● ASSIGNMENT:
Exactly as they appear, transcribe the entries and skip any pictures.

[Stored items]
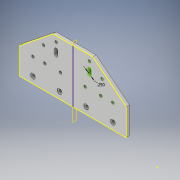
# Autodesk Inventor part: Junk Part
Saved by Autodesk Inventor 2017 (Build 210142000, 142)
## iProperties
Created: 2017-05-17
Part Number: Junk Part
Material: Generic
Document SubType Name: Modeling
Designer: User
Density: 1 g/cm^3
Appearance: Default
Author: User
Autodesk Inventor part; units mm, degrees
ref_plane "XZ Plane" through (0, 0, 0) normal (0, 1, 0) x (-1, 0, 0)
ref_plane "XY Plane" through (0, 0, 0) normal (0, 0, 1) x (1, 0, 0)
sketch "Sketch1" plane through (0, 0, 0) normal (0, 0, 1) x (1, 0, 0)
  line L0 (-262.1103, 19.715) -> (-58.9103, 19.715)
  line L1 (-58.9103, 19.715) -> (-58.9103, 70.515)
  line L2 (-58.9103, 70.515) -> (-122.4103, 121.315)
  line L3 (-122.4103, 121.315) -> (-198.6103, 121.315)
  line L4 (-198.6103, 121.315) -> (-262.1103, 70.515)
  line L5 (-262.1103, 70.515) -> (-262.1103, 19.715)
  point P0 (0, 0)
  dimension "d0" = 203.2
  dimension "d1" = 50.8
  dimension "d2" = 50.8
  dimension "d3" = 101.6
  dimension "d4" = 76.2
  dimension "d5" = 63.5
  constraints: 12 end point, 2 parallel, 1 horizontal, 1 perpendicular
  measures "d0" distance of L0.start L0.end
  measures "d1" distance of L4.end L0.start
  measures "d2" distance of L0.end L1.end
  measures "d3" distance between parallel lines of L0 L3
  measures "d4" distance of L2.end L3.end
  measures "d5" distance from line of L2.end L1
extrude "Extrusion1" add sketch "Sketch1" along normal blind 6.35
sketch "Sketch2" plane through (0, 0, 6.35) normal (0, 0, 1) x (1, 0, 0)
  line L0 (-262.1103, 19.715) -> (-58.9103, 19.715) projected
  line L1 (-58.9103, 19.715) -> (-58.9103, 70.515) projected
  line L2 (-58.9103, 70.515) -> (-122.4103, 121.315) projected
  line L3 (-122.4103, 121.315) -> (-198.6103, 121.315) projected
  line L4 (-198.6103, 121.315) -> (-262.1103, 70.515) projected
  line L5 (-262.1103, 70.515) -> (-262.1103, 19.715) projected
  point P0 (0, 0)
  point P1 (-84.3103, 32.415)
  dimension "d8" = 12.7
  dimension "d9" = 25.4
  measures "d8" distance from line of point (-84.31, 32.415) L0
  measures "d9" distance from line of point (-84.31, 32.415) L1
hole "Hole1" at (-84.3103, 32.415, 6.35) direction (0, 0, -1) diameter 4.9784 depth 19.05 tip angle 118 counterbore diameter 9.525 counterbore depth 1.27 thread size "1/4-20 UNC" class "2B" standard "ANSI Unified Screw Threads"
pattern_linear "Rectangular Pattern1" count 4 spacing 50.8 along (-1, 0, 0) of "Hole1"
sketch "Sketch3" plane through (0, 0, 6.35) normal (0, 0, 1) x (1, 0, 0)
  line L0 (-262.1103, 19.715) -> (-58.9103, 19.715) projected
  line L1 (-58.9103, 19.715) -> (-58.9103, 70.515) projected
  line L2 (-58.9103, 70.515) -> (-122.4103, 121.315) projected
  line L3 (-122.4103, 121.315) -> (-198.6103, 121.315) projected
  line L4 (-198.6103, 121.315) -> (-262.1103, 70.515) projected
  line L5 (-262.1103, 70.515) -> (-262.1103, 19.715) projected
  line L6 (-128.7603, 100.9956) -> (-128.7603, 86.3997) construction
  line L7 (-131.9353, 97.8206) -> (-131.9353, 89.5747)
  line L8 (-125.5853, 89.5747) -> (-125.5853, 97.8206)
  arc A0 (-125.5853, 97.8206) -> (-131.9353, 97.8206) centre (-128.7603, 97.8206) ccw
  arc A1 (-131.9353, 89.5747) -> (-125.5853, 89.5747) centre (-128.7603, 89.5747) ccw
  point P0 (0, 0)
  point P1 (-128.7603, 93.6976)
  point P2 (-136.9971, 64.7412)
  point P3 (-107.099, 64.7412)
  point P4 (-84.3103, 64.7412)
  point P5 (-128.7603, 110.8832)
  point P6 (-104.7448, 93.6976)
  dimension "d20" = 6.35
  constraints: 8 end point, 6 point on circle, 4 tangent, 3 point on line, 2 centre point, 1 midpoint, 1 parallel, 1 vertical
  measures "d20" diameter of A1
hole "Hole2" at (-136.9971, 64.7412, 6.35) at (-107.099, 64.7412, 6.35) at (-84.3103, 64.7412, 6.35) at (-128.7603, 110.8832, 6.35) at (-104.7448, 93.6976, 6.35) direction (0, 0, -1) diameter 4.9784 end through all thread size "1/4-20 UNC" class "2B" standard "ANSI Unified Screw Threads"
extrude "Extrusion2" cut sketch "Sketch3" against normal blind 25.4 contours A0 L8 A1 L7
sketch "Sketch4" plane through (0, 0, 6.35) normal (0, 0, 1) x (1, 0, 0)
  line L0 (-262.1103, 19.715) -> (-58.9103, 19.715) projected
  line L1 (-122.4103, 121.315) -> (-198.6103, 121.315) projected
  line L2 (-160.5103, 121.315) -> (-160.5103, 19.715)
  line L3 (-262.1103, 19.715) -> (-58.9103, 19.715) projected
  point P0 (0, 0)
  constraints: 2 end point, 2 midpoint
ref_plane "Work Plane1" through (-160.5103, 121.315, 6.35) normal (1, 0, 0) x (0, -1, 0)
mirror "Mirror1" about plane through (-160.5103, 121.315, 6.35) normal (1, 0, 0) of "Hole2", "Extrusion2"
equation "\"d2\" = d1"
equation "\"d5\" = -0.5 * d4 + 0.5 * d0"
body "Solid1"

● ANSWER TO THE PROBLEM:
# Autodesk Inventor part: Junk Part
Saved by Autodesk Inventor 2017 (Build 210142000, 142)
## iProperties
Created: 2017-05-17
Part Number: Junk Part
Material: Generic
Document SubType Name: Modeling
Designer: User
Density: 1 g/cm^3
Appearance: Default
Author: User
Autodesk Inventor part; units mm, degrees
ref_plane "XZ Plane" through (0, 0, 0) normal (0, 1, 0) x (-1, 0, 0)
ref_plane "XY Plane" through (0, 0, 0) normal (0, 0, 1) x (1, 0, 0)
sketch "Sketch1" plane through (0, 0, 0) normal (0, 0, 1) x (1, 0, 0)
  line L0 (-262.1103, 19.715) -> (-58.9103, 19.715)
  line L1 (-58.9103, 19.715) -> (-58.9103, 70.515)
  line L2 (-58.9103, 70.515) -> (-122.4103, 121.315)
  line L3 (-122.4103, 121.315) -> (-198.6103, 121.315)
  line L4 (-198.6103, 121.315) -> (-262.1103, 70.515)
  line L5 (-262.1103, 70.515) -> (-262.1103, 19.715)
  point P0 (0, 0)
  dimension "d0" = 203.2
  dimension "d1" = 50.8
  dimension "d2" = 50.8
  dimension "d3" = 101.6
  dimension "d4" = 76.2
  dimension "d5" = 63.5
  constraints: 12 end point, 2 parallel, 1 horizontal, 1 perpendicular
  measures "d0" distance of L0.start L0.end
  measures "d1" distance of L4.end L0.start
  measures "d2" distance of L0.end L1.end
  measures "d3" distance between parallel lines of L0 L3
  measures "d4" distance of L2.end L3.end
  measures "d5" distance from line of L2.end L1
extrude "Extrusion1" add sketch "Sketch1" along normal blind 6.35
sketch "Sketch2" plane through (0, 0, 6.35) normal (0, 0, 1) x (1, 0, 0)
  line L0 (-262.1103, 19.715) -> (-58.9103, 19.715) projected
  line L1 (-58.9103, 19.715) -> (-58.9103, 70.515) projected
  line L2 (-58.9103, 70.515) -> (-122.4103, 121.315) projected
  line L3 (-122.4103, 121.315) -> (-198.6103, 121.315) projected
  line L4 (-198.6103, 121.315) -> (-262.1103, 70.515) projected
  line L5 (-262.1103, 70.515) -> (-262.1103, 19.715) projected
  point P0 (0, 0)
  point P1 (-84.3103, 32.415)
  dimension "d8" = 12.7
  dimension "d9" = 25.4
  measures "d8" distance from line of point (-84.31, 32.415) L0
  measures "d9" distance from line of point (-84.31, 32.415) L1
hole "Hole1" at (-84.3103, 32.415, 6.35) direction (0, 0, -1) diameter 4.9784 depth 19.05 tip angle 118 counterbore diameter 9.525 counterbore depth 1.27 thread size "1/4-20 UNC" class "2B" standard "ANSI Unified Screw Threads"
pattern_linear "Rectangular Pattern1" count 4 spacing 50.8 along (-1, 0, 0) of "Hole1"
sketch "Sketch3" plane through (0, 0, 6.35) normal (0, 0, 1) x (1, 0, 0)
  line L0 (-262.1103, 19.715) -> (-58.9103, 19.715) projected
  line L1 (-58.9103, 19.715) -> (-58.9103, 70.515) projected
  line L2 (-58.9103, 70.515) -> (-122.4103, 121.315) projected
  line L3 (-122.4103, 121.315) -> (-198.6103, 121.315) projected
  line L4 (-198.6103, 121.315) -> (-262.1103, 70.515) projected
  line L5 (-262.1103, 70.515) -> (-262.1103, 19.715) projected
  line L6 (-128.7603, 100.9956) -> (-128.7603, 86.3997) construction
  line L7 (-131.9353, 97.8206) -> (-131.9353, 89.5747)
  line L8 (-125.5853, 89.5747) -> (-125.5853, 97.8206)
  arc A0 (-125.5853, 97.8206) -> (-131.9353, 97.8206) centre (-128.7603, 97.8206) ccw
  arc A1 (-131.9353, 89.5747) -> (-125.5853, 89.5747) centre (-128.7603, 89.5747) ccw
  point P0 (0, 0)
  point P1 (-128.7603, 93.6976)
  point P2 (-136.9971, 64.7412)
  point P3 (-107.099, 64.7412)
  point P4 (-84.3103, 64.7412)
  point P5 (-128.7603, 110.8832)
  point P6 (-104.7448, 93.6976)
  dimension "d20" = 6.35
  constraints: 8 end point, 6 point on circle, 4 tangent, 3 point on line, 2 centre point, 1 midpoint, 1 parallel, 1 vertical
  measures "d20" diameter of A1
hole "Hole2" at (-136.9971, 64.7412, 6.35) at (-107.099, 64.7412, 6.35) at (-84.3103, 64.7412, 6.35) at (-128.7603, 110.8832, 6.35) at (-104.7448, 93.6976, 6.35) direction (0, 0, -1) diameter 4.9784 end through all thread size "1/4-20 UNC" class "2B" standard "ANSI Unified Screw Threads"
extrude "Extrusion2" cut sketch "Sketch3" against normal blind 25.4 contours A0 L8 A1 L7
sketch "Sketch4" plane through (0, 0, 6.35) normal (0, 0, 1) x (1, 0, 0)
  line L0 (-262.1103, 19.715) -> (-58.9103, 19.715) projected
  line L1 (-122.4103, 121.315) -> (-198.6103, 121.315) projected
  line L2 (-160.5103, 121.315) -> (-160.5103, 19.715)
  line L3 (-262.1103, 19.715) -> (-58.9103, 19.715) projected
  point P0 (0, 0)
  constraints: 2 end point, 2 midpoint
ref_plane "Work Plane1" through (-160.5103, 121.315, 6.35) normal (1, 0, 0) x (0, -1, 0)
mirror "Mirror1" about plane through (-160.5103, 121.315, 6.35) normal (1, 0, 0) of "Hole2", "Extrusion2"
equation "\"d2\" = d1"
equation "\"d5\" = -0.5 * d4 + 0.5 * d0"
body "Solid1"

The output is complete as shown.